Les routeurs : Routage dynamique (6/6)

To the non-french speaker, note that you can translate the articles using the Google Trad widget situated at the bottom of all pages.


Enfin nous arrivons au terme de cette série d’articles sur le routage. Dernier article donc, cette fois nous allons voir comment fonctionne le routage dynamique. Le routage dynamique, contrairement au routage statique, se fait quasiment automatiquement. Il est utilisé principalement afin de faire de la découverte de réseau, afin d’actualiser les informations de routage ou encore afin de déterminer une route de substitution.
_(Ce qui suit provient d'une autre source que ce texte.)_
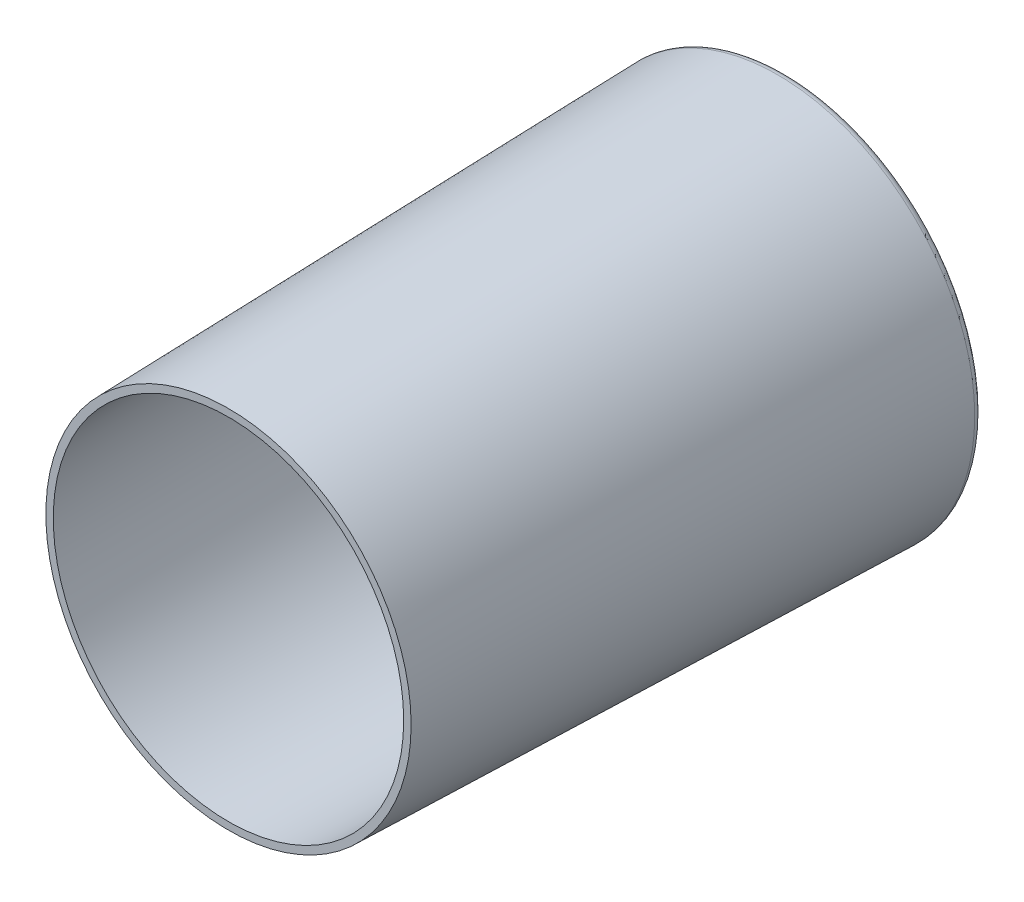
ISO-10303-21;
HEADER;
FILE_DESCRIPTION(('STEP AP214'),'2;1');
FILE_NAME('part.step','',(''),(''),'','','');
FILE_SCHEMA(('AUTOMOTIVE_DESIGN { 1 0 10303 214 1 1 1 1 }'));
ENDSEC;
DATA;
#1=APPLICATION_CONTEXT('core data for automotive mechanical design processes');
#2=APPLICATION_PROTOCOL_DEFINITION('international standard','automotive_design',2000,#1);
#3=PRODUCT_CONTEXT('',#1,'mechanical');
#4=PRODUCT('Part','Part','',(#3));
#5=PRODUCT_RELATED_PRODUCT_CATEGORY('part','',(#4));
#6=PRODUCT_DEFINITION_FORMATION('','',#4);
#7=PRODUCT_DEFINITION_CONTEXT('part definition',#1,'design');
#8=PRODUCT_DEFINITION('design','',#6,#7);
#9=PRODUCT_DEFINITION_SHAPE('','',#8);
#10=(LENGTH_UNIT() NAMED_UNIT(*) SI_UNIT(.MILLI.,.METRE.));
#11=(NAMED_UNIT(*) PLANE_ANGLE_UNIT() SI_UNIT($,.RADIAN.));
#12=(NAMED_UNIT(*) SI_UNIT($,.STERADIAN.) SOLID_ANGLE_UNIT());
#13=UNCERTAINTY_MEASURE_WITH_UNIT(LENGTH_MEASURE(1.E-05),#10,'distance_accuracy_value','');
#14=(GEOMETRIC_REPRESENTATION_CONTEXT(3) GLOBAL_UNCERTAINTY_ASSIGNED_CONTEXT((#13)) GLOBAL_UNIT_ASSIGNED_CONTEXT((#10,
#11,#12)) REPRESENTATION_CONTEXT('',''));
#15=CARTESIAN_POINT('',(0.,0.,0.));
#16=DIRECTION('',(0.,0.,1.));
#17=DIRECTION('',(1.,0.,0.));
#18=AXIS2_PLACEMENT_3D('',#15,#16,#17);
#19=CARTESIAN_POINT('',(-10.948,38.989,0.));
#20=DIRECTION('',(0.,0.,-1.));
#21=DIRECTION('',(1.,0.,0.));
#22=AXIS2_PLACEMENT_3D('',#19,#20,#21);
#23=CONICAL_SURFACE('',#22,49.983,0.026179938779915);
#24=CARTESIAN_POINT('',(-10.948,38.989,-117.948349511337));
#25=DIRECTION('',(0.,0.,-1.));
#26=DIRECTION('',(-1.,0.,0.));
#27=AXIS2_PLACEMENT_3D('',#24,#25,#26);
#28=CIRCLE('',#27,53.0715862295189);
#29=CARTESIAN_POINT('',(-64.0195862295189,38.989,-117.948349511337));
#30=VERTEX_POINT('',#29);
#31=EDGE_CURVE('E10',#30,#30,#28,.F.);
#32=ORIENTED_EDGE('',*,*,#31,.T.);
#33=EDGE_LOOP('',(#32));
#34=FACE_BOUND('',#33,.T.);
#35=CARTESIAN_POINT('',(-10.948,38.989,30.));
#36=DIRECTION('',(0.,0.,1.));
#37=DIRECTION('',(1.,0.,0.));
#38=AXIS2_PLACEMENT_3D('',#35,#36,#37);
#39=CIRCLE('',#38,49.1974223529244);
#40=CARTESIAN_POINT('',(38.2494223529244,38.989,30.));
#41=VERTEX_POINT('',#40);
#42=EDGE_CURVE('E45',#41,#41,#39,.T.);
#43=ORIENTED_EDGE('',*,*,#42,.F.);
#44=EDGE_LOOP('',(#43));
#45=FACE_BOUND('',#44,.T.);
#46=ADVANCED_FACE('F37',(#34,#45),#23,.T.);
#47=CARTESIAN_POINT('',(-10.948,38.989,30.));
#48=DIRECTION('',(0.,0.,1.));
#49=DIRECTION('',(1.,0.,0.));
#50=AXIS2_PLACEMENT_3D('',#47,#48,#49);
#51=PLANE('',#50);
#52=CARTESIAN_POINT('',(-10.948,38.989,30.));
#53=DIRECTION('',(0.,0.,1.));
#54=DIRECTION('',(1.,0.,0.));
#55=AXIS2_PLACEMENT_3D('',#52,#53,#54);
#56=CIRCLE('',#55,47.1974223529244);
#57=CARTESIAN_POINT('',(36.2494223529244,38.989,30.));
#58=VERTEX_POINT('',#57);
#59=EDGE_CURVE('E55',#58,#58,#56,.T.);
#60=ORIENTED_EDGE('',*,*,#59,.F.);
#61=EDGE_LOOP('',(#60));
#62=FACE_BOUND('',#61,.T.);
#63=ORIENTED_EDGE('',*,*,#42,.T.);
#64=EDGE_LOOP('',(#63));
#65=FACE_BOUND('',#64,.T.);
#66=ADVANCED_FACE('F64',(#62,#65),#51,.T.);
#67=CARTESIAN_POINT('',(-10.948,38.989,30.));
#68=DIRECTION('',(0.,0.,-1.));
#69=DIRECTION('',(1.,0.,0.));
#70=AXIS2_PLACEMENT_3D('',#67,#68,#69);
#71=CONICAL_SURFACE('',#70,47.1974223529244,0.026179938779915);
#72=CARTESIAN_POINT('',(-10.948,38.989,-120.));
#73=DIRECTION('',(0.,0.,1.));
#74=DIRECTION('',(1.,0.,0.));
#75=AXIS2_PLACEMENT_3D('',#72,#73,#74);
#76=CIRCLE('',#75,51.1253105883024);
#77=CARTESIAN_POINT('',(40.1773105883024,38.989,-120.));
#78=VERTEX_POINT('',#77);
#79=EDGE_CURVE('E50',#78,#78,#76,.T.);
#80=ORIENTED_EDGE('',*,*,#79,.F.);
#81=EDGE_LOOP('',(#80));
#82=FACE_BOUND('',#81,.T.);
#83=ORIENTED_EDGE('',*,*,#59,.T.);
#84=EDGE_LOOP('',(#83));
#85=FACE_BOUND('',#84,.T.);
#86=ADVANCED_FACE('F62',(#82,#85),#71,.F.);
#87=CARTESIAN_POINT('',(-10.948,38.989,-118.000703407953));
#88=DIRECTION('',(0.,0.,-1.));
#89=DIRECTION('',(-1.,0.,0.));
#90=AXIS2_PLACEMENT_3D('',#87,#88,#89);
#91=TOROIDAL_SURFACE('',#90,51.0722715795678,2.);
#92=ORIENTED_EDGE('',*,*,#79,.T.);
#93=EDGE_LOOP('',(#92));
#94=FACE_BOUND('',#93,.T.);
#95=ORIENTED_EDGE('',*,*,#31,.F.);
#96=EDGE_LOOP('',(#95));
#97=FACE_BOUND('',#96,.T.);
#98=ADVANCED_FACE('F39',(#94,#97),#91,.T.);
#99=CLOSED_SHELL('',(#46,#66,#86,#98));
#100=MANIFOLD_SOLID_BREP('B2',#99);
#101=ADVANCED_BREP_SHAPE_REPRESENTATION('',(#18,#100),#14);
#102=SHAPE_DEFINITION_REPRESENTATION(#9,#101);
ENDSEC;
END-ISO-10303-21;

Tout au long de cet article nous utiliserons cette architecture réseau :

architecture

Familier n’est ce pas ? 😏 Cette architecture repose donc sur quatre réseaux liés les uns aux autres grâce à trois routeurs. Encore une fois le but final de cet article sera de faire se pinger le PC0 et le PC1. Bon pour commencer on va attribuer des IP’s à nos ordinateurs puis on va configurer les interfaces de nos routeurs :

architecturepresqsuefinie

OK, maintenant il va falloir configurer le protocole de routage dynamique. Ce protocole s’appelle RIP (Routing Information Protocol). Pour cela rendons nous sur la CLI du routeur du réseau bleu :

rippremierrouteur.png

Entrez dans le mode de configuration privilégié :

enable

Puis dans le monde de configuration du terminal :

configure terminal

Et enfin dans le mode de configuration du protocole RIP :

router rip

routerip

Pour commencer nous allons indiquer au routeur que nous voulons qu’il utilise le protocole RIP en version 2. Pourquoi la version 2 est pas la 1 ? Eh bien la version 2 du protocole RIP est une amélioration de la première. Elle permet, entre autres, de gérer le routage classless (sous réseau) et est plus efficace quand il s’agit de communiquer les mises à  jour de routage. Pour plus d’informations je vous invite à lire cet article.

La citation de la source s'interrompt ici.